For NeMo Relay adaptive execution middleware, see
[`plugins/observability/nemo_relay/README.md`](../../plugins/observability/nemo_relay/README.md).
## Safety Notes
- Middleware should be deterministic for the same input unless it is explicitly
routing to a dynamic external system.
- Request middleware should return complete replacement payloads, not partial
patches.
- Execution middleware should call `next_call(...)` exactly once unless it is
intentionally short-circuiting execution.
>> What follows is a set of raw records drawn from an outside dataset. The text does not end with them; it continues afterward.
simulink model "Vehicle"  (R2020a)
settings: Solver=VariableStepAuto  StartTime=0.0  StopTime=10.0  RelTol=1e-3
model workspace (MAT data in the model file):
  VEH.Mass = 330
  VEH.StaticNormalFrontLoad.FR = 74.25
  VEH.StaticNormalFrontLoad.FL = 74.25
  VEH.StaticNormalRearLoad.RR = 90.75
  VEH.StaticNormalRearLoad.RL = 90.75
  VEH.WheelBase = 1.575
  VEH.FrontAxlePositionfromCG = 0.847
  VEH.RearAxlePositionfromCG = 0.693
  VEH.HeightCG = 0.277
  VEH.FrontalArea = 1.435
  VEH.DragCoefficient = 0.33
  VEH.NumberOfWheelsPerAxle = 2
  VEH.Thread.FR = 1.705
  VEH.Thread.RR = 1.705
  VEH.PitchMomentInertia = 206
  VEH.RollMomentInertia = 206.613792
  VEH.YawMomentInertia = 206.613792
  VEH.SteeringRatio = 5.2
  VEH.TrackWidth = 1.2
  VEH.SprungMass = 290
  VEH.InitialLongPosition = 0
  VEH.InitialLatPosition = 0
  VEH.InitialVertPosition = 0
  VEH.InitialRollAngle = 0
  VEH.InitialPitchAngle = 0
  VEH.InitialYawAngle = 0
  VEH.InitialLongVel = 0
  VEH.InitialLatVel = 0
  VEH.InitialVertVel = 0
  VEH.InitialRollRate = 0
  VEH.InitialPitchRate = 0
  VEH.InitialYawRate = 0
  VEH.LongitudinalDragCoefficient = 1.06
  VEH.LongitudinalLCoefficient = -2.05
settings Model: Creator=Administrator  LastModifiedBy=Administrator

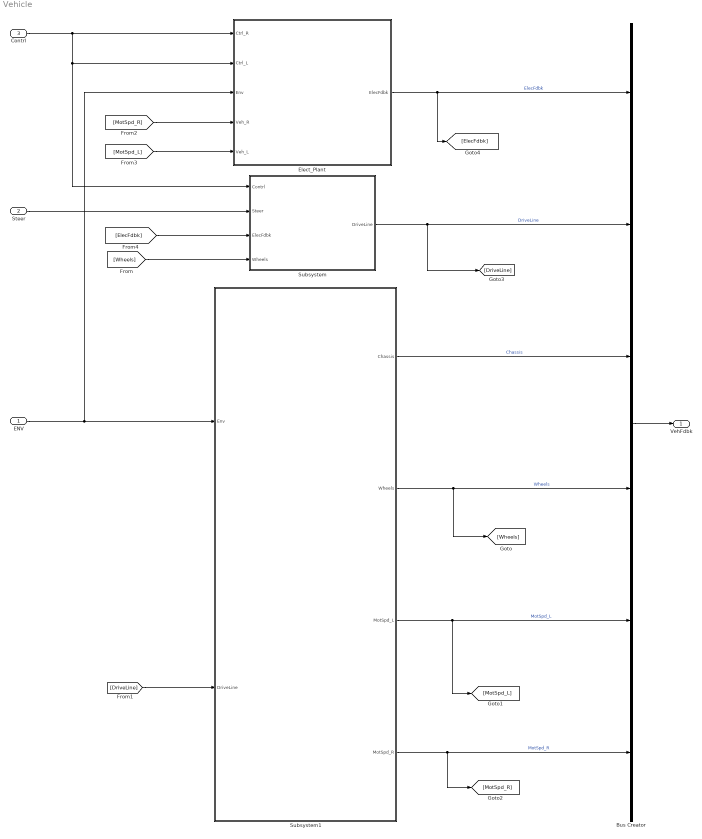
== system Vehicle ==
  ENV : Inport
  Steer : Inport  Port=2
  Contrl : Inport  Port=3
  Bus Creator : BusCreator  Inputs=6
  Elect_Plant : Subsystem
  Subsystem : Subsystem
  Subsystem1 : Subsystem
  VehFdbk : Outport  SignalName=VehFdbk
  wires:
  Elect_Plant/1(ElecFdbk) -> [ElecFdbk], Bus Creator/1  "ElecFdbk"
  Contrl/1 -> Elect_Plant/2(Ctrl_L), Subsystem/1(Contrl), Elect_Plant/1(Ctrl_R)
  Subsystem/1(DriveLine) -> [DriveLine], Bus Creator/2  "DriveLine"
  Subsystem1/1(Chassis) -> Bus Creator/3  "Chassis"
  Subsystem1/2(Wheels) -> [Wheels], Bus Creator/4  "Wheels"
  Subsystem1/3(MotSpd_L) -> [MotSpd_L], Bus Creator/5  "MotSpd_L"
  Subsystem1/4(MotSpd_R) -> [MotSpd_R], Bus Creator/6  "MotSpd_R"
  Bus Creator/1 -> VehFdbk/1
  [MotSpd_R] -> Elect_Plant/4(Veh_R)
  [MotSpd_L] -> Elect_Plant/5(Veh_L)
  Steer/1 -> Subsystem/2(Steer)
  [ElecFdbk] -> Subsystem/3(ElecFdbk)
  [Wheels] -> Subsystem/4(Wheels)
  ENV/1 -> Elect_Plant/3(Env), Subsystem1/1(Env)
  [DriveLine] -> Subsystem1/2(DriveLine)

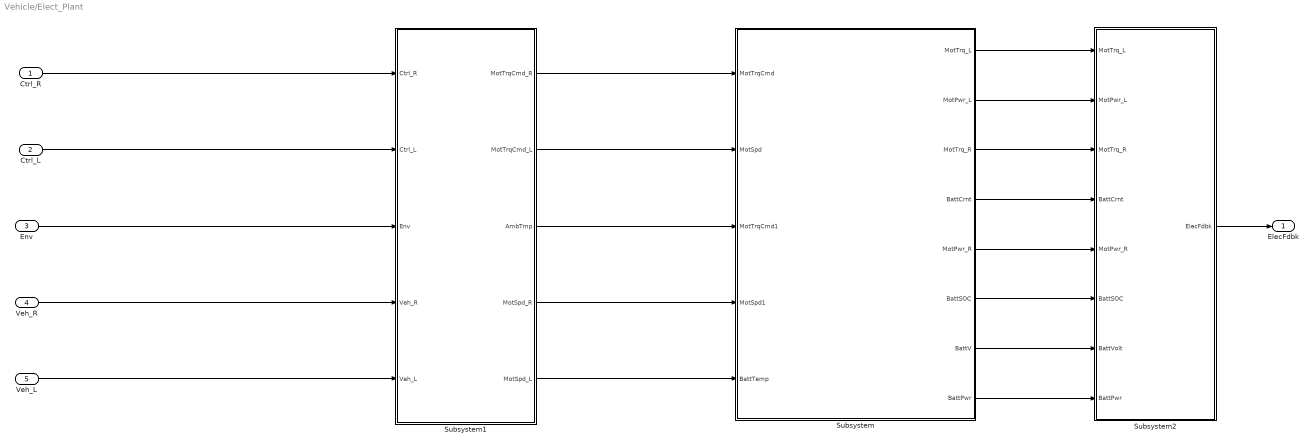
== system Vehicle/Elect_Plant ==
  Ctrl_R : Inport
  Ctrl_L : Inport  Port=2
  Env : Inport  Port=3
  Veh_R : Inport  Port=4
  Veh_L : Inport  Port=5
  Subsystem : Subsystem
  Subsystem1 : Subsystem
  Subsystem2 : Subsystem
  ElecFdbk : Outport
  wires:
  Subsystem1/4(MotSpd_R) -> Subsystem/4(MotSpd1)
  Subsystem1/1(MotTrqCmd_R) -> Subsystem/1(MotTrqCmd)
  Subsystem1/2(MotTrqCmd_L) -> Subsystem/2(MotSpd)
  Subsystem1/3(AmbTmp) -> Subsystem/3(MotTrqCmd1)
  Subsystem1/5(MotSpd_L) -> Subsystem/5(BattTemp)
  Veh_L/1 -> Subsystem1/5(Veh_L)
  Ctrl_R/1 -> Subsystem1/1(Ctrl_R)
  Ctrl_L/1 -> Subsystem1/2(Ctrl_L)
  Env/1 -> Subsystem1/3(Env)
  Veh_R/1 -> Subsystem1/4(Veh_R)
  Subsystem/1(MotTrq_L) -> Subsystem2/1(MotTrq_L)
  Subsystem/2(MotPwr_L) -> Subsystem2/2(MotPwr_L)
  Subsystem/3(MotTrq_R) -> Subsystem2/3(MotTrq_R)
  Subsystem/4(BattCrnt) -> Subsystem2/4(BattCrnt)
  Subsystem/5(MotPwr_R) -> Subsystem2/5(MotPwr_R)
  Subsystem/6(BattSOC) -> Subsystem2/6(BattSOC)
  Subsystem/7(BattV) -> Subsystem2/7(BattVolt)
  Subsystem/8(BattPwr) -> Subsystem2/8(BattPwr)
  Subsystem2/1(ElecFdbk) -> ElecFdbk/1

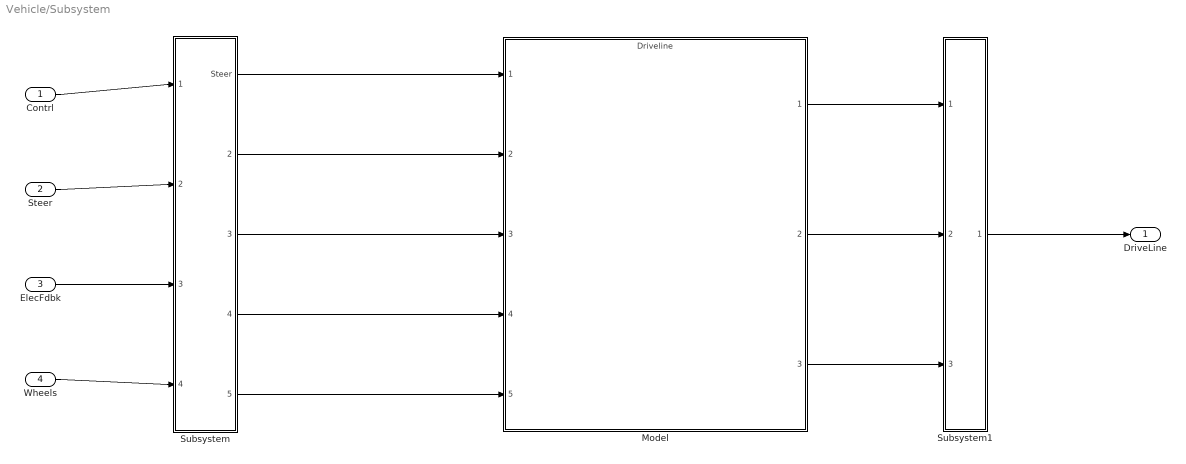
== system Vehicle/Subsystem ==
  Contrl : Inport
  Steer : Inport  Port=2
  ElecFdbk : Inport  Port=3
  Wheels : Inport  Port=4
  Model : ModelReference  ModelNameDialog=Driveline.slx  SimulationMode=Normal  ModelReferenceVersion=1.211
  Subsystem : Subsystem
  Subsystem1 : Subsystem
  DriveLine : Outport
  wires:
  Contrl/1 -> Subsystem/1(Contrl)
  Subsystem/1(Steer) -> Model/1
  Subsystem/2(MotTrq_L) -> Model/2
  Subsystem/3(MotTrq_R) -> Model/3
  Subsystem/4(PrsCmd) -> Model/4
  Subsystem/5(Omega) -> Model/5
  Steer/1 -> Subsystem/2(SteerCmd)
  Wheels/1 -> Subsystem/4(Wheels)
  ElecFdbk/1 -> Subsystem/3(ElecFdbk)
  Model/1 -> Subsystem1/1(WhlAng)
  Model/2 -> Subsystem1/2(AxlTrq)
  Model/3 -> Subsystem1/3(BrkPrs)
  Subsystem1/1(DriverLine) -> DriveLine/1

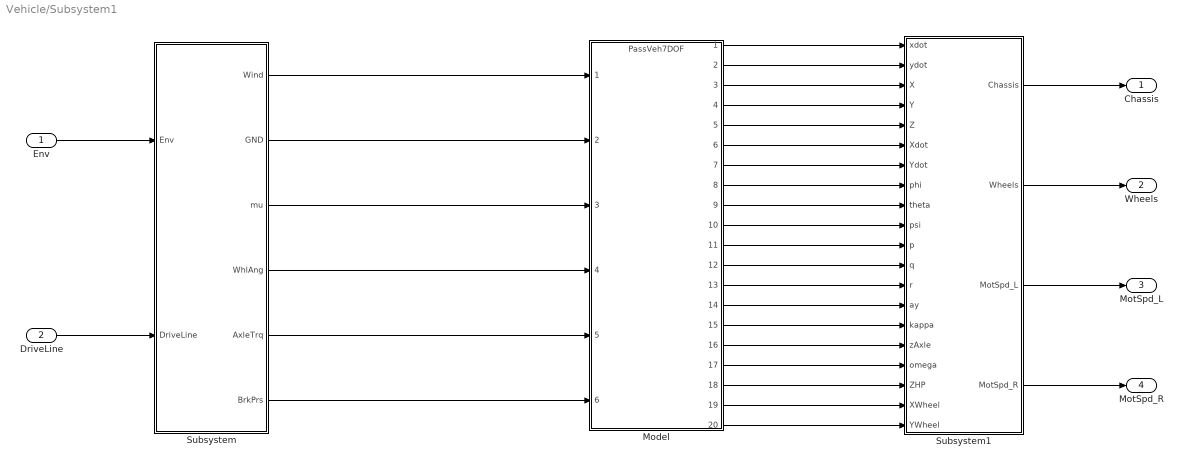
== system Vehicle/Subsystem1 ==
  Env : Inport
  DriveLine : Inport  Port=2
  Model : ModelReference  ModelNameDialog=PassVeh7DOF.slx  SimulationMode=Normal  ModelReferenceVersion=1.128
  Subsystem : Subsystem
  Subsystem1 : Subsystem
  Chassis : Outport
  Wheels : Outport  Port=2
  MotSpd_L : Outport  Port=3
  MotSpd_R : Outport  Port=4
  wires:
  Env/1 -> Subsystem/1(Env)
  Subsystem/1(Wind) -> Model/1
  Subsystem/2(GND) -> Model/2
  Subsystem/3(mu) -> Model/3
  Subsystem/4(WhlAng) -> Model/4
  Subsystem/5(AxleTrq) -> Model/5
  Subsystem/6(BrkPrs) -> Model/6
  DriveLine/1 -> Subsystem/2(DriveLine)
  Model/1 -> Subsystem1/1(xdot)
  Model/2 -> Subsystem1/2(ydot)
  Model/3 -> Subsystem1/3(X)
  Model/4 -> Subsystem1/4(Y)
  Model/5 -> Subsystem1/5(Z)
  Model/6 -> Subsystem1/6(Xdot)
  Model/7 -> Subsystem1/7(Ydot)
  Model/8 -> Subsystem1/8(phi)
  Model/9 -> Subsystem1/9(theta)
  Model/10 -> Subsystem1/10(psi)
  Model/11 -> Subsystem1/11(p)
  Model/12 -> Subsystem1/12(q)
  Model/13 -> Subsystem1/13(r)
  Model/14 -> Subsystem1/14(ay)
  Model/15 -> Subsystem1/15(kappa)
  Model/16 -> Subsystem1/16(zAxle)
  Model/17 -> Subsystem1/17(omega)
  Model/18 -> Subsystem1/18(ZHP)
  Model/19 -> Subsystem1/19(XWheel)
  Model/20 -> Subsystem1/20(YWheel)
  Subsystem1/1(Chassis) -> Chassis/1
  Subsystem1/2(Wheels) -> Wheels/1
  Subsystem1/3(MotSpd_L) -> MotSpd_L/1
  Subsystem1/4(MotSpd_R) -> MotSpd_R/1

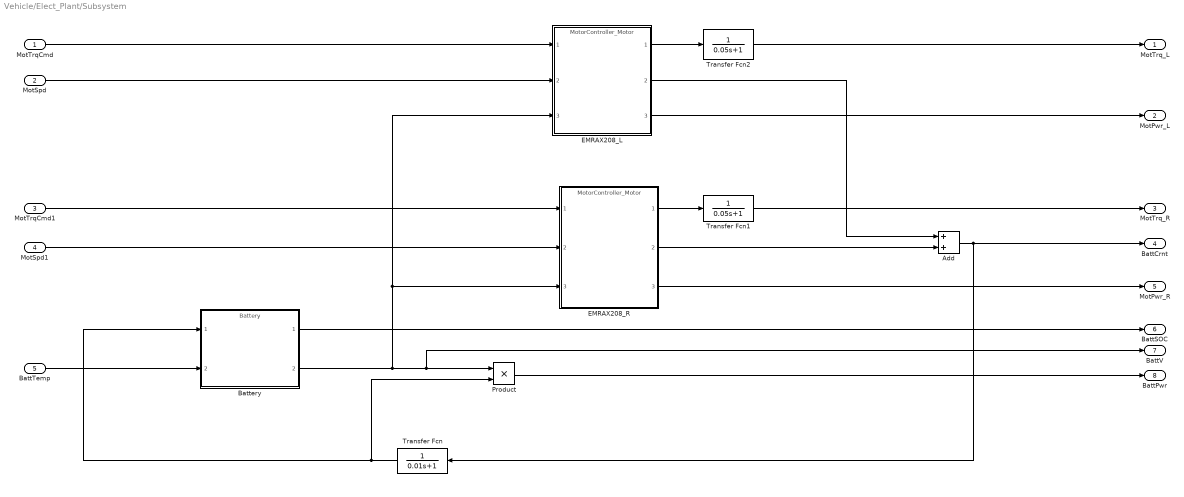
== system Vehicle/Elect_Plant/Subsystem ==
  MotTrqCmd : Inport
  MotSpd : Inport  Port=2
  MotTrqCmd1 : Inport  Port=3
  MotSpd1 : Inport  Port=4
  BattTemp : Inport  Port=5
  Add : Sum
  Battery : ModelReference  ModelNameDialog=Battery.slx  ModelReferenceVersion=1.1
  EMRAX208_L : ModelReference  ModelNameDialog=MotorController_Motor.slx  ModelReferenceVersion=1.1
  EMRAX208_R : ModelReference  ModelNameDialog=MotorController_Motor.slx  ModelReferenceVersion=1.1
  Product : Product
  Transfer Fcn : TransferFcn  Denominator=[0.01 1]
  Transfer Fcn1 : TransferFcn  Denominator=[0.05 1]
  Transfer Fcn2 : TransferFcn  Denominator=[0.05 1]
  MotTrq_L : Outport
  MotPwr_L : Outport  Port=2
  MotTrq_R : Outport  Port=3
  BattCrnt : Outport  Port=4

- If execution middleware raises before calling `next_call(...)`, Hermes treats
that as middleware failure and continues with the remaining middleware chain
and base execution.
- If execution middleware calls `next_call(...)` successfully and then raises
during post-processing, Hermes preserves the downstream result and does not
run the provider or tool a second time.
- If downstream provider or tool execution fails, middleware may let that error
propagate or translate it deliberately. Hermes does not convert downstream
failure into a successful `None` result.
- Tool request middleware runs before approvals. If it mutates file paths,
commands, URLs, or arguments, the mutated values are what guardrails and
approvals evaluate.
- Observer hooks remain the right place for read-only telemetry. Use middleware
only when a plugin needs to alter or wrap behavior.